Über weite Strecken wechseln sich Licht und Schatten ab. Wenn Suns Of Thyme über sich hinauswachsen, wird es spektakulär. Da wäre beispielsweise der leidenschaftliche, pulsierende Opener „Do Or Die“, der die Post-Punk-Ursuppe auf einen treibenden Bass legt und, je länger der Track dauert, gehörige Interferenzen heraufbeschwört. Auch „In Dreams Awake“ bleibt hängen mit seinen dezenten Neu!-Querverweisen, New-Wave-Leichtigkeit und sympathischen Melodien. Mittendrunter schleichen sich erste Störsignale ein, auch die Rhythmusabteilung peitscht den anfangs unschuldig wirkenden Song voran und beflügelt regelrecht.
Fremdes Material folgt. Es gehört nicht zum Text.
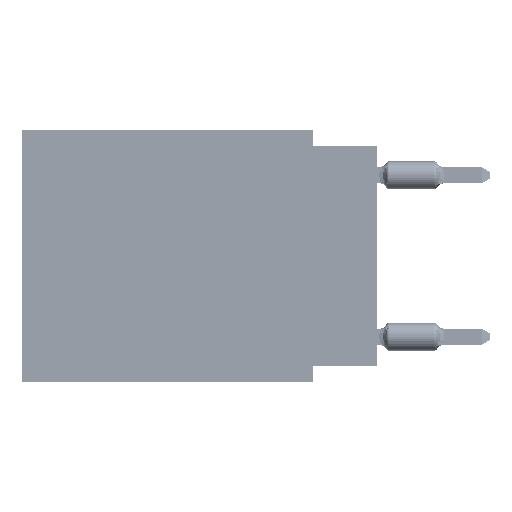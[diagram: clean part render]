
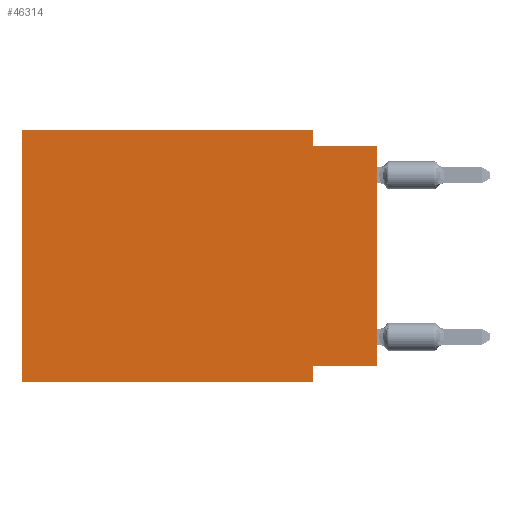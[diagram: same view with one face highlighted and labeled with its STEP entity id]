
A CAD part, left-side view. The second image highlights one B-rep face of the part: STEP entity #46314.
In plain terms, the highlighted planar face has unit normal (-1, 0, 0).
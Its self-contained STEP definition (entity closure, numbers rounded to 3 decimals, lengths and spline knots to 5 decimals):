
#1452 = DIRECTION ( 'NONE',  ( 0., 1., 0. ) ) ;
#3383 = LINE ( 'NONE', #30743, #34249 ) ;
#4033 = LINE ( 'NONE', #73590, #63360 ) ;
#4944 = DIRECTION ( 'NONE',  ( 0., 0., -1. ) ) ;
#5041 = CARTESIAN_POINT ( 'NONE',  ( 0., 0.1, -0.365 ) ) ;
#6688 = VERTEX_POINT ( 'NONE', #30432 ) ;
#10154 = CARTESIAN_POINT ( 'NONE',  ( 0., 0., -0.025 ) ) ;
#11012 = VERTEX_POINT ( 'NONE', #65334 ) ;
#11158 = EDGE_CURVE ( 'NONE', #77506, #37980, #19530, .T. ) ;
#14460 = LINE ( 'NONE', #21627, #53248 ) ;
#15268 = CARTESIAN_POINT ( 'NONE',  ( 0., 0.55, -0.39 ) ) ;
#15789 = EDGE_LOOP ( 'NONE', ( #80450, #38972, #65333, #28414, #53009, #39994, #20164, #63234 ) ) ;
#15989 = DIRECTION ( 'NONE',  ( 0., 0., -1. ) ) ;
#16854 = LINE ( 'NONE', #22697, #59315 ) ;
#19530 = LINE ( 'NONE', #46908, #31091 ) ;
#20164 = ORIENTED_EDGE ( 'NONE', *, *, #22081, .F. ) ;
#21627 = CARTESIAN_POINT ( 'NONE',  ( 0., 0., -0.365 ) ) ;
#22081 = EDGE_CURVE ( 'NONE', #63224, #22983, #4033, .T. ) ;
#22697 = CARTESIAN_POINT ( 'NONE',  ( 0., 0.1, 0. ) ) ;
#22983 = VERTEX_POINT ( 'NONE', #27564 ) ;
#25158 = EDGE_CURVE ( 'NONE', #77506, #22983, #75802, .T. ) ;
#27564 = CARTESIAN_POINT ( 'NONE',  ( 0., 0.1, -0.39 ) ) ;
#28414 = ORIENTED_EDGE ( 'NONE', *, *, #62690, .F. ) ;
#28687 = DIRECTION ( 'NONE',  ( 0., -1., 0. ) ) ;
#30432 = CARTESIAN_POINT ( 'NONE',  ( 0., 0.1, -0.025 ) ) ;
#30743 = CARTESIAN_POINT ( 'NONE',  ( 0., 0.55, 0. ) ) ;
#31091 = VECTOR ( 'NONE', #52775, 39.37008 ) ;
#32036 = CARTESIAN_POINT ( 'NONE',  ( 0., 0., 0. ) ) ;
#32081 = DIRECTION ( 'NONE',  ( 0., -1., 0. ) ) ;
#34249 = VECTOR ( 'NONE', #32081, 39.37008 ) ;
#37980 = VERTEX_POINT ( 'NONE', #38808 ) ;
#38755 = LINE ( 'NONE', #32036, #80571 ) ;
#38808 = CARTESIAN_POINT ( 'NONE',  ( 0., 0.55, 0. ) ) ;
#38972 = ORIENTED_EDGE ( 'NONE', *, *, #40703, .F. ) ;
#39994 = ORIENTED_EDGE ( 'NONE', *, *, #25158, .T. ) ;
#40703 = EDGE_CURVE ( 'NONE', #6688, #11012, #72194, .T. ) ;
#41505 = VERTEX_POINT ( 'NONE', #70709 ) ;
#46314 = ADVANCED_FACE ( 'NONE', ( #53259 ), #80597, .F. ) ;
#46908 = CARTESIAN_POINT ( 'NONE',  ( 0., 0.55, 0. ) ) ;
#48878 = EDGE_CURVE ( 'NONE', #67339, #11012, #38755, .T. ) ;
#48914 = CARTESIAN_POINT ( 'NONE',  ( 0., 0.55, -0.39 ) ) ;
#49573 = VECTOR ( 'NONE', #28687, 39.37008 ) ;
#49673 = DIRECTION ( 'NONE',  ( 0., -1., 0. ) ) ;
#50067 = CARTESIAN_POINT ( 'NONE',  ( 0., 0.55, 0. ) ) ;
#50461 = EDGE_CURVE ( 'NONE', #41505, #6688, #16854, .T. ) ;
#52775 = DIRECTION ( 'NONE',  ( 0., 0., 1. ) ) ;
#53009 = ORIENTED_EDGE ( 'NONE', *, *, #11158, .F. ) ;
#53248 = VECTOR ( 'NONE', #1452, 39.37008 ) ;
#53259 = FACE_OUTER_BOUND ( 'NONE', #15789, .T. ) ;
#59315 = VECTOR ( 'NONE', #15989, 39.37008 ) ;
#59842 = DIRECTION ( 'NONE',  ( 0., 0., 1. ) ) ;
#62690 = EDGE_CURVE ( 'NONE', #37980, #41505, #3383, .T. ) ;
#63224 = VERTEX_POINT ( 'NONE', #5041 ) ;
#63234 = ORIENTED_EDGE ( 'NONE', *, *, #85033, .F. ) ;
#63360 = VECTOR ( 'NONE', #4944, 39.37008 ) ;
#65333 = ORIENTED_EDGE ( 'NONE', *, *, #50461, .F. ) ;
#65334 = CARTESIAN_POINT ( 'NONE',  ( 0., 0., -0.025 ) ) ;
#66723 = CARTESIAN_POINT ( 'NONE',  ( 0., 0., -0.365 ) ) ;
#67339 = VERTEX_POINT ( 'NONE', #66723 ) ;
#69801 = DIRECTION ( 'NONE',  ( 0., 0., -1. ) ) ;
#70487 = AXIS2_PLACEMENT_3D ( 'NONE', #50067, #84125, #69801 ) ;
#70709 = CARTESIAN_POINT ( 'NONE',  ( 0., 0.1, 0. ) ) ;
#72194 = LINE ( 'NONE', #10154, #81476 ) ;
#73590 = CARTESIAN_POINT ( 'NONE',  ( 0., 0.1, -0.39 ) ) ;
#75802 = LINE ( 'NONE', #48914, #49573 ) ;
#77506 = VERTEX_POINT ( 'NONE', #15268 ) ;
#80450 = ORIENTED_EDGE ( 'NONE', *, *, #48878, .T. ) ;
#80571 = VECTOR ( 'NONE', #59842, 39.37008 ) ;
#80597 = PLANE ( 'NONE',  #70487 ) ;
#81476 = VECTOR ( 'NONE', #49673, 39.37008 ) ;
#84125 = DIRECTION ( 'NONE',  ( 1., 0., 0. ) ) ;
#85033 = EDGE_CURVE ( 'NONE', #67339, #63224, #14460, .T. ) ;

Wie schwierig es sein kann, das richtige Maß zu finden, zeigt sich im sechs Minuten langen „Schweben“, das eine an sich gute Idee ohne große Not in die Länge zieht. Ein Hauch von 70s-Rock hier, dezenter Kraut-Bodensatz da, und schließlich organische Entwicklung nebst endlose Wiederholungen – zu Beginn sympathisch, aber ein Bruch nach zwei Dritteln hätte deutlich besser funktioniert. Auch „Aphelion“, der zweite Gigant, droht in eine ähnliche Falle zu tappen, drängt sein schrilles Leitmotiv aber schließlich in psychedelische Untiefen und bezieht daraus herrlich wirre, positiv verstörende Kraft.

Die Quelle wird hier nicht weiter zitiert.